### YOUR GOAL
Exactly retype the opening line of the entries and every line after it, ending with the line that contains "blk.add_line(p, q, dxfattribs=at)". Skip all pictures.

#### RECORDS SUPPLIED ####

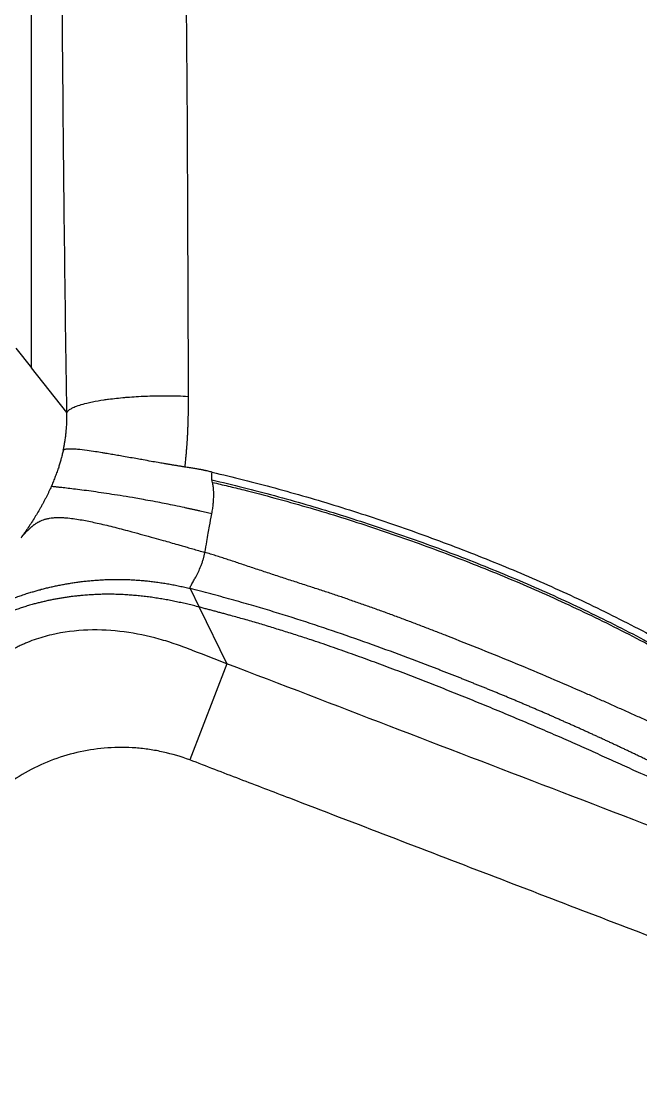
# Model space of a CAD drawing. Extents: x 527 to 611, y 788 to 934.
# Drawn here: x 586.48 to 593.33, y 828.06 to 839.71 of the extents above; entities that cross this region are included whole.
import ezdxf

# ---------------------------------------------------------------- set-up
doc = ezdxf.new("R2010")
doc.units = 0
doc.header["$MEASUREMENT"] = 0
doc.layers.add('1', color=4, linetype='Continuous')
doc.layers.add('GEOMETRY', color=4, linetype='Continuous', lineweight=25)

# ---------------------------------------------------------------- blocks, each defined once
blk = doc.blocks.new('2026_FLASH')
at = {"layer": 'GEOMETRY'}
for p, q in [((59.515, 32.563), (59.515, 37.27)), ((59.344, 32.777), (59.515, 32.563)), ((59.908, 32.068), (59.515, 32.563)), ((61.27, 30.122), (61.37, 29.917)), ((61.37, 29.917), (61.675, 29.291)), ((61.675, 29.291), (61.267, 28.227))]:
    blk.add_line(p, q, dxfattribs=at)
for points, knots in [([(59.908, 32.068), (59.887, 33.33), (59.873, 34.599), (59.857, 36.511), (59.853, 37.149), (59.849, 38.109), (59.848, 38.429), (59.847, 38.911), (59.847, 39.071), (59.847, 39.392), (59.847, 39.552), (59.847, 40.353), (59.848, 40.993), (59.853, 42.27), (59.857, 42.908), (59.868, 44.183), (59.874, 44.819), (59.883, 45.614), (59.885, 45.772), (59.889, 46.09), (59.891, 46.248), (59.898, 46.722), (59.903, 47.038), (59.908, 47.352)], [0, 0, 0, 0, 0.25, 0.25, 0.375, 0.375, 0.4375, 0.4375, 0.46875, 0.46875, 0.5, 0.5, 0.625, 0.625, 0.75, 0.75, 0.875, 0.875, 0.90625, 0.90625, 0.9375, 0.9375, 1, 1, 1, 1]), ([(61.25, 47.174), (61.249, 46.868), (61.248, 46.561), (61.246, 46.099), (61.246, 45.945), (61.245, 45.636), (61.244, 45.481), (61.242, 45.015), (61.241, 44.705), (61.237, 44.082), (61.235, 43.77), (61.227, 42.834), (61.22, 42.209), (61.209, 40.96), (61.205, 40.336), (61.205, 39.556), (61.206, 39.4), (61.207, 39.087), (61.207, 38.931), (61.21, 38.462), (61.212, 38.149), (61.22, 37.21), (61.226, 36.585), (61.234, 35.649), (61.236, 35.337), (61.239, 34.715), (61.24, 34.405), (61.244, 33.476), (61.246, 32.86), (61.249, 32.246)], [0, 0, 0, 0, 0.0625, 0.0625, 0.09375, 0.09375, 0.125, 0.125, 0.1875, 0.1875, 0.25, 0.25, 0.375, 0.375, 0.5, 0.5, 0.53125, 0.53125, 0.5625, 0.5625, 0.625, 0.625, 0.75, 0.75, 0.8125, 0.8125, 0.875, 0.875, 1, 1, 1, 1]), ([(59.908, 32.068), (59.908, 32.068), (59.908, 32.069), (59.909, 32.069), (59.909, 32.07), (59.91, 32.071), (59.91, 32.072), (59.912, 32.075), (59.913, 32.077), (59.915, 32.079), (59.916, 32.08), (59.919, 32.083), (59.921, 32.086), (59.932, 32.096), (59.942, 32.103), (59.963, 32.115), (59.974, 32.121), (60.004, 32.134), (60.025, 32.142), (60.072, 32.157), (60.098, 32.164), (60.146, 32.176), (60.167, 32.181), (60.229, 32.193), (60.272, 32.201), (60.334, 32.21), (60.351, 32.213), (60.424, 32.222), (60.485, 32.229), (60.556, 32.235), (60.565, 32.236), (60.64, 32.242), (60.709, 32.246), (60.785, 32.249), (60.791, 32.249), (60.868, 32.252), (60.941, 32.253), (61.093, 32.253), (61.173, 32.25), (61.249, 32.246)], [0, 0, 0, 0, 0.003906, 0.003906, 0.007812, 0.007812, 0.015625, 0.015625, 0.03125, 0.03125, 0.037508, 0.037508, 0.0625, 0.0625, 0.125, 0.125, 0.174936, 0.174936, 0.25, 0.25, 0.323118, 0.323118, 0.375, 0.375, 0.467272, 0.467272, 0.5, 0.5, 0.610165, 0.610165, 0.625, 0.625, 0.740278, 0.740278, 0.75, 0.75, 0.867349, 0.867349, 1, 1, 1, 1]), ([(61.249, 32.246), (61.249, 32.245), (61.249, 32.244), (61.249, 32.242), (61.249, 32.241), (61.249, 32.238), (61.249, 32.236), (61.249, 32.23), (61.249, 32.226), (61.249, 32.215), (61.249, 32.207), (61.249, 32.184), (61.249, 32.169), (61.248, 32.136), (61.248, 32.119), (61.248, 32.099)], [0.8131236, 0.8131236, 0.8131236, 0.8131236, 0.8170298, 0.8170298, 0.8209361, 0.8209361, 0.8287486, 0.8287486, 0.8443736, 0.8443736, 0.8756236, 0.8756236, 0.9381236, 0.9381236, 1, 1, 1, 1]), ([(59.867, 31.652), (59.867, 31.653), (59.867, 31.653), (59.867, 31.653), (59.867, 31.654), (59.868, 31.654), (59.868, 31.655), (59.868, 31.656), (59.868, 31.657), (59.869, 31.659), (59.869, 31.661), (59.87, 31.666), (59.871, 31.669), (59.873, 31.68), (59.874, 31.687), (59.877, 31.701), (59.878, 31.708), (59.88, 31.716), (59.88, 31.717), (59.88, 31.718), (59.88, 31.718), (59.88, 31.719), (59.88, 31.72), (59.881, 31.722), (59.881, 31.724), (59.882, 31.729), (59.883, 31.733), (59.886, 31.752), (59.888, 31.767), (59.892, 31.79), (59.893, 31.798), (59.895, 31.815), (59.896, 31.823), (59.898, 31.84), (59.899, 31.848), (59.9, 31.859), (59.9, 31.862), (59.9, 31.865), (59.9, 31.866), (59.9, 31.868), (59.9, 31.868), (59.901, 31.869), (59.901, 31.87), (59.901, 31.875), (59.901, 31.879), (59.903, 31.902), (59.905, 31.921), (59.906, 31.95), (59.907, 31.96), (59.907, 31.981), (59.908, 31.991), (59.908, 32.012), (59.908, 32.023), (59.908, 32.039), (59.908, 32.045), (59.908, 32.053), (59.908, 32.056), (59.908, 32.061), (59.908, 32.062), (59.908, 32.064), (59.908, 32.065), (59.908, 32.066), (59.908, 32.067), (59.908, 32.068)], [0, 0, 0, 0, 0.001953, 0.001953, 0.003906, 0.003906, 0.007812, 0.007812, 0.015625, 0.015625, 0.03125, 0.03125, 0.0625, 0.0625, 0.125, 0.125, 0.1875, 0.1875, 0.195312, 0.195312, 0.199219, 0.199219, 0.203125, 0.203125, 0.21875, 0.21875, 0.25, 0.25, 0.375, 0.375, 0.4375, 0.4375, 0.5, 0.5, 0.5625, 0.5625, 0.578125, 0.578125, 0.585938, 0.585938, 0.589844, 0.589844, 0.59375, 0.59375, 0.625, 0.625, 0.75, 0.75, 0.8125, 0.8125, 0.875, 0.875, 0.9375, 0.9375, 0.96875, 0.96875, 0.984375, 0.984375, 0.992188, 0.992188, 0.996094, 0.996094, 1, 1, 1, 1]), ([(61.248, 32.099), (61.248, 32.099), (61.248, 32.099), (61.247, 32.079), (61.247, 32.06), (61.246, 32.008), (61.245, 31.979), (61.245, 31.951), (61.244, 31.946), (61.244, 31.941), (61.244, 31.94), (61.244, 31.939), (61.244, 31.937), (61.244, 31.935), (61.244, 31.933), (61.244, 31.928), (61.244, 31.924), (61.243, 31.905), (61.242, 31.89), (61.241, 31.857), (61.24, 31.84), (61.238, 31.804), (61.237, 31.785), (61.233, 31.73), (61.231, 31.695), (61.228, 31.654), (61.227, 31.646), (61.226, 31.634), (61.226, 31.63), (61.226, 31.626), (61.226, 31.625), (61.225, 31.623), (61.225, 31.622), (61.225, 31.62), (61.225, 31.619), (61.224, 31.607), (61.223, 31.594), (61.22, 31.564), (61.218, 31.547), (61.216, 31.518), (61.215, 31.508), (61.213, 31.492), (61.213, 31.487), (61.212, 31.479), (61.211, 31.476), (61.211, 31.472), (61.211, 31.47), (61.211, 31.468), (61.211, 31.468), (61.21, 31.466), (61.21, 31.465), (61.21, 31.465)], [0, 0, 0, 0, 0.0006236, 0.0006236, 0.0631236, 0.0631236, 0.1881236, 0.1881236, 0.2193736, 0.2193736, 0.2232798, 0.2232798, 0.2271861, 0.2271861, 0.2349986, 0.2349986, 0.2506236, 0.2506236, 0.3131236, 0.3131236, 0.3756236, 0.3756236, 0.4381236, 0.4381236, 0.5631236, 0.5631236, 0.5943736, 0.5943736, 0.6099986, 0.6099986, 0.6139048, 0.6139048, 0.6178111, 0.6178111, 0.6256236, 0.6256236, 0.6881236, 0.6881236, 0.7506236, 0.7506236, 0.7818736, 0.7818736, 0.7974986, 0.7974986, 0.8053111, 0.8053111, 0.8092173, 0.8092173, 0.8111705, 0.8111705, 0.8131236, 0.8131236, 0.8131236, 0.8131236]), ([(59.867, 31.652), (59.865, 31.645), (59.862, 31.629), (59.856, 31.606), (59.851, 31.583), (59.845, 31.561), (59.839, 31.539), (59.833, 31.517), (59.826, 31.496), (59.82, 31.475), (59.809, 31.442), (59.794, 31.4), (59.775, 31.348), (59.761, 31.314), (59.754, 31.297)], [0, 0, 0, 0, 0.064787, 0.128736, 0.191787, 0.25392, 0.315174, 0.375588, 0.435191, 0.494012, 0.552078, 0.706159, 0.855482, 1, 1, 1, 1]), ([(61.21, 31.465), (61.204, 31.466), (61.191, 31.468), (61.172, 31.471), (61.154, 31.474), (61.135, 31.477), (61.118, 31.48), (61.1, 31.483), (61.083, 31.486), (61.067, 31.488), (61.051, 31.491), (61.035, 31.494), (61.02, 31.496), (61.005, 31.499), (60.991, 31.501), (60.961, 31.506), (60.91, 31.515), (60.834, 31.528), (60.759, 31.542), (60.656, 31.56), (60.56, 31.577), (60.465, 31.594), (60.4, 31.605), (60.343, 31.615), (60.285, 31.624), (60.213, 31.636), (60.119, 31.649), (60.046, 31.658), (59.997, 31.662), (59.971, 31.663), (59.949, 31.664), (59.93, 31.664), (59.914, 31.663), (59.9, 31.662), (59.889, 31.66), (59.88, 31.658), (59.873, 31.655), (59.869, 31.653), (59.867, 31.652)], [0, 0, 0, 0, 0.010877, 0.021474, 0.031794, 0.041841, 0.051619, 0.06113, 0.070376, 0.079356, 0.088073, 0.096528, 0.104721, 0.112654, 0.120326, 0.127741, 0.160889, 0.201792, 0.250366, 0.283534, 0.371104, 0.41157, 0.451905, 0.492133, 0.519445, 0.569527, 0.64278, 0.739093, 0.770338, 0.800459, 0.829444, 0.857282, 0.883965, 0.909488, 0.93385, 0.957052, 0.979099, 1, 1, 1, 1]), ([(61.513, 31.408), (61.498, 31.411), (61.475, 31.416), (61.449, 31.423), (61.432, 31.427), (61.42, 31.429), (61.407, 31.432), (61.394, 31.435), (61.381, 31.437), (61.368, 31.439), (61.345, 31.443), (61.311, 31.449), (61.262, 31.457), (61.228, 31.462), (61.21, 31.465)], [0, 0, 0, 0, 0.143411, 0.231027, 0.262062, 0.307494, 0.352005, 0.395583, 0.438219, 0.479908, 0.520647, 0.663726, 0.823614, 1, 1, 1, 1]), ([(61.51, 31.323), (61.509, 31.333), (61.508, 31.345), (61.508, 31.373), (61.51, 31.39), (61.513, 31.408)], [0, 0, 0, 0, 0.5, 0.5, 1, 1, 1, 1]), ([(61.513, 31.408), (61.744, 31.354), (61.975, 31.296), (62.439, 31.17), (62.671, 31.103), (63.133, 30.96), (63.364, 30.884), (63.825, 30.723), (64.055, 30.639), (64.513, 30.462), (64.741, 30.37), (65.195, 30.175), (65.42, 30.074), (65.755, 29.915), (65.866, 29.86), (66.088, 29.749), (66.198, 29.693), (66.362, 29.606), (66.417, 29.577), (66.526, 29.518), (66.58, 29.488), (66.743, 29.398), (66.851, 29.337), (66.959, 29.277)], [0, 0, 0, 0, 0.125, 0.125, 0.25, 0.25, 0.375, 0.375, 0.5, 0.5, 0.625, 0.625, 0.75, 0.75, 0.8125, 0.8125, 0.875, 0.875, 0.90625, 0.90625, 0.9375, 0.9375, 1, 1, 1, 1]), ([(59.734, 31.249), (59.73, 31.24), (59.722, 31.222), (59.709, 31.194), (59.695, 31.165), (59.68, 31.135), (59.665, 31.105), (59.649, 31.074), (59.631, 31.042), (59.608, 31.001), (59.579, 30.952), (59.544, 30.895), (59.508, 30.838), (59.483, 30.801), (59.47, 30.782)], [0, 0, 0, 0, 0.055651, 0.113235, 0.172763, 0.234248, 0.297702, 0.363141, 0.430574, 0.500001, 0.625093, 0.750122, 0.875086, 1, 1, 1, 1]), ([(61.509, 30.946), (61.499, 30.949), (61.478, 30.954), (61.446, 30.962), (61.413, 30.969), (61.38, 30.977), (61.347, 30.985), (61.313, 30.993), (61.278, 31), (61.243, 31.008), (61.183, 31.021), (61.074, 31.044), (60.938, 31.071), (60.808, 31.095), (60.715, 31.112), (60.612, 31.13), (60.499, 31.148), (60.372, 31.168), (60.255, 31.185), (60.144, 31.201), (60.045, 31.214), (59.956, 31.225), (59.879, 31.234), (59.833, 31.239), (59.805, 31.242), (59.791, 31.244), (59.777, 31.245), (59.764, 31.247), (59.753, 31.248), (59.743, 31.249), (59.737, 31.249), (59.734, 31.249)], [0, 0, 0, 0, 0.013379, 0.026895, 0.040557, 0.054371, 0.068343, 0.082481, 0.096789, 0.111268, 0.125917, 0.170788, 0.245372, 0.289488, 0.327041, 0.357862, 0.414151, 0.46534, 0.520207, 0.573483, 0.631682, 0.691485, 0.75819, 0.830213, 0.85137, 0.873685, 0.897094, 0.921515, 0.94685, 0.973032, 1, 1, 1, 1]), ([(61.509, 30.946), (61.511, 30.956), (61.515, 30.976), (61.519, 31.005), (61.523, 31.033), (61.526, 31.061), (61.528, 31.088), (61.53, 31.114), (61.531, 31.15), (61.531, 31.187), (61.529, 31.223), (61.526, 31.249), (61.523, 31.269), (61.52, 31.284), (61.518, 31.292), (61.517, 31.295)], [0, 0, 0, 0, 0.073905, 0.146427, 0.217906, 0.288748, 0.359351, 0.42986, 0.50005, 0.651343, 0.749976, 0.83577, 0.906246, 0.961098, 1, 1, 1, 1]), ([(61.51, 31.323), (61.741, 31.269), (61.972, 31.211), (62.434, 31.086), (62.665, 31.019), (63.125, 30.876), (63.355, 30.8), (63.814, 30.641), (64.043, 30.557), (64.5, 30.381), (64.726, 30.288), (65.178, 30.095), (65.402, 29.993), (65.736, 29.834), (65.847, 29.78), (66.067, 29.669), (66.177, 29.613), (66.34, 29.527), (66.395, 29.498), (66.503, 29.439), (66.557, 29.409), (66.665, 29.349), (66.719, 29.319), (66.827, 29.259), (66.881, 29.229), (66.935, 29.199)], [0, 0, 0, 0, 0.125, 0.125, 0.25, 0.25, 0.375, 0.375, 0.5, 0.5, 0.625, 0.625, 0.75, 0.75, 0.8125, 0.8125, 0.875, 0.875, 0.90625, 0.90625, 0.9375, 0.9375, 0.96875, 0.96875, 1, 1, 1, 1]), ([(61.517, 31.295), (61.575, 31.282), (61.69, 31.254), (61.92, 31.198), (62.323, 31.092), (62.899, 30.926), (63.588, 30.698), (64.273, 30.447), (64.84, 30.216), (65.289, 30.019), (65.623, 29.863), (65.955, 29.701), (66.229, 29.56), (66.446, 29.444), (66.608, 29.355), (66.769, 29.265), (66.877, 29.205), (66.931, 29.175)], [0, 0, 0, 0, 0.03125, 0.0625, 0.125, 0.25, 0.375, 0.5, 0.625, 0.6875, 0.75, 0.8125, 0.875, 0.90625, 0.9375, 0.96875, 1, 1, 1, 1]), ([(59.4, 30.683), (59.403, 30.686), (59.407, 30.691), (59.414, 30.699), (59.421, 30.706), (59.428, 30.714), (59.435, 30.721), (59.441, 30.729), (59.448, 30.736), (59.455, 30.743), (59.462, 30.751), (59.469, 30.758), (59.476, 30.765), (59.483, 30.772), (59.49, 30.779), (59.497, 30.786), (59.505, 30.792), (59.512, 30.799), (59.519, 30.806), (59.527, 30.812), (59.535, 30.819), (59.543, 30.825), (59.551, 30.831), (59.56, 30.837), (59.568, 30.843), (59.577, 30.848), (59.586, 30.854), (59.6, 30.862), (59.62, 30.872), (59.648, 30.883), (59.68, 30.892), (59.714, 30.899), (59.751, 30.904), (59.791, 30.907), (59.835, 30.907), (59.889, 30.905), (59.955, 30.898), (60.033, 30.887), (60.11, 30.873), (60.187, 30.858), (60.264, 30.84), (60.348, 30.821), (60.469, 30.791), (60.643, 30.745), (60.823, 30.695), (60.992, 30.648), (61.096, 30.618), (61.184, 30.593), (61.24, 30.577), (61.3, 30.56), (61.365, 30.541), (61.41, 30.528), (61.433, 30.521)], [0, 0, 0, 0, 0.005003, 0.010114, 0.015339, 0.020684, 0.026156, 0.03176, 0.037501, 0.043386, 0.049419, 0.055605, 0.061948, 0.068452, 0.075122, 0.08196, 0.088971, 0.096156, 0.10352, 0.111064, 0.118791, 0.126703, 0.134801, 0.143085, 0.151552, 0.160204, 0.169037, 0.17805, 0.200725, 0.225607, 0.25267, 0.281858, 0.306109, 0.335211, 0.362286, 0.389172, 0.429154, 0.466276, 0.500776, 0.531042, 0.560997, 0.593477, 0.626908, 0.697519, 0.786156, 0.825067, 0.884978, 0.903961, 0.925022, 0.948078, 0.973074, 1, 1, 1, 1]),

####

### ANSWER SPACE
# Model space of a CAD drawing. Extents: x 527 to 611, y 788 to 934.
# Drawn here: x 586.48 to 593.33, y 828.06 to 839.71 of the extents above; entities that cross this region are included whole.
import ezdxf

# ---------------------------------------------------------------- set-up
doc = ezdxf.new("R2010")
doc.units = 0
doc.header["$MEASUREMENT"] = 0
doc.layers.add('1', color=4, linetype='Continuous')
doc.layers.add('GEOMETRY', color=4, linetype='Continuous', lineweight=25)

# ---------------------------------------------------------------- blocks, each defined once
blk = doc.blocks.new('2026_FLASH')
at = {"layer": 'GEOMETRY'}
for p, q in [((59.515, 32.563), (59.515, 37.27)), ((59.344, 32.777), (59.515, 32.563)), ((59.908, 32.068), (59.515, 32.563)), ((61.27, 30.122), (61.37, 29.917)), ((61.37, 29.917), (61.675, 29.291)), ((61.675, 29.291), (61.267, 28.227))]:
    blk.add_line(p, q, dxfattribs=at)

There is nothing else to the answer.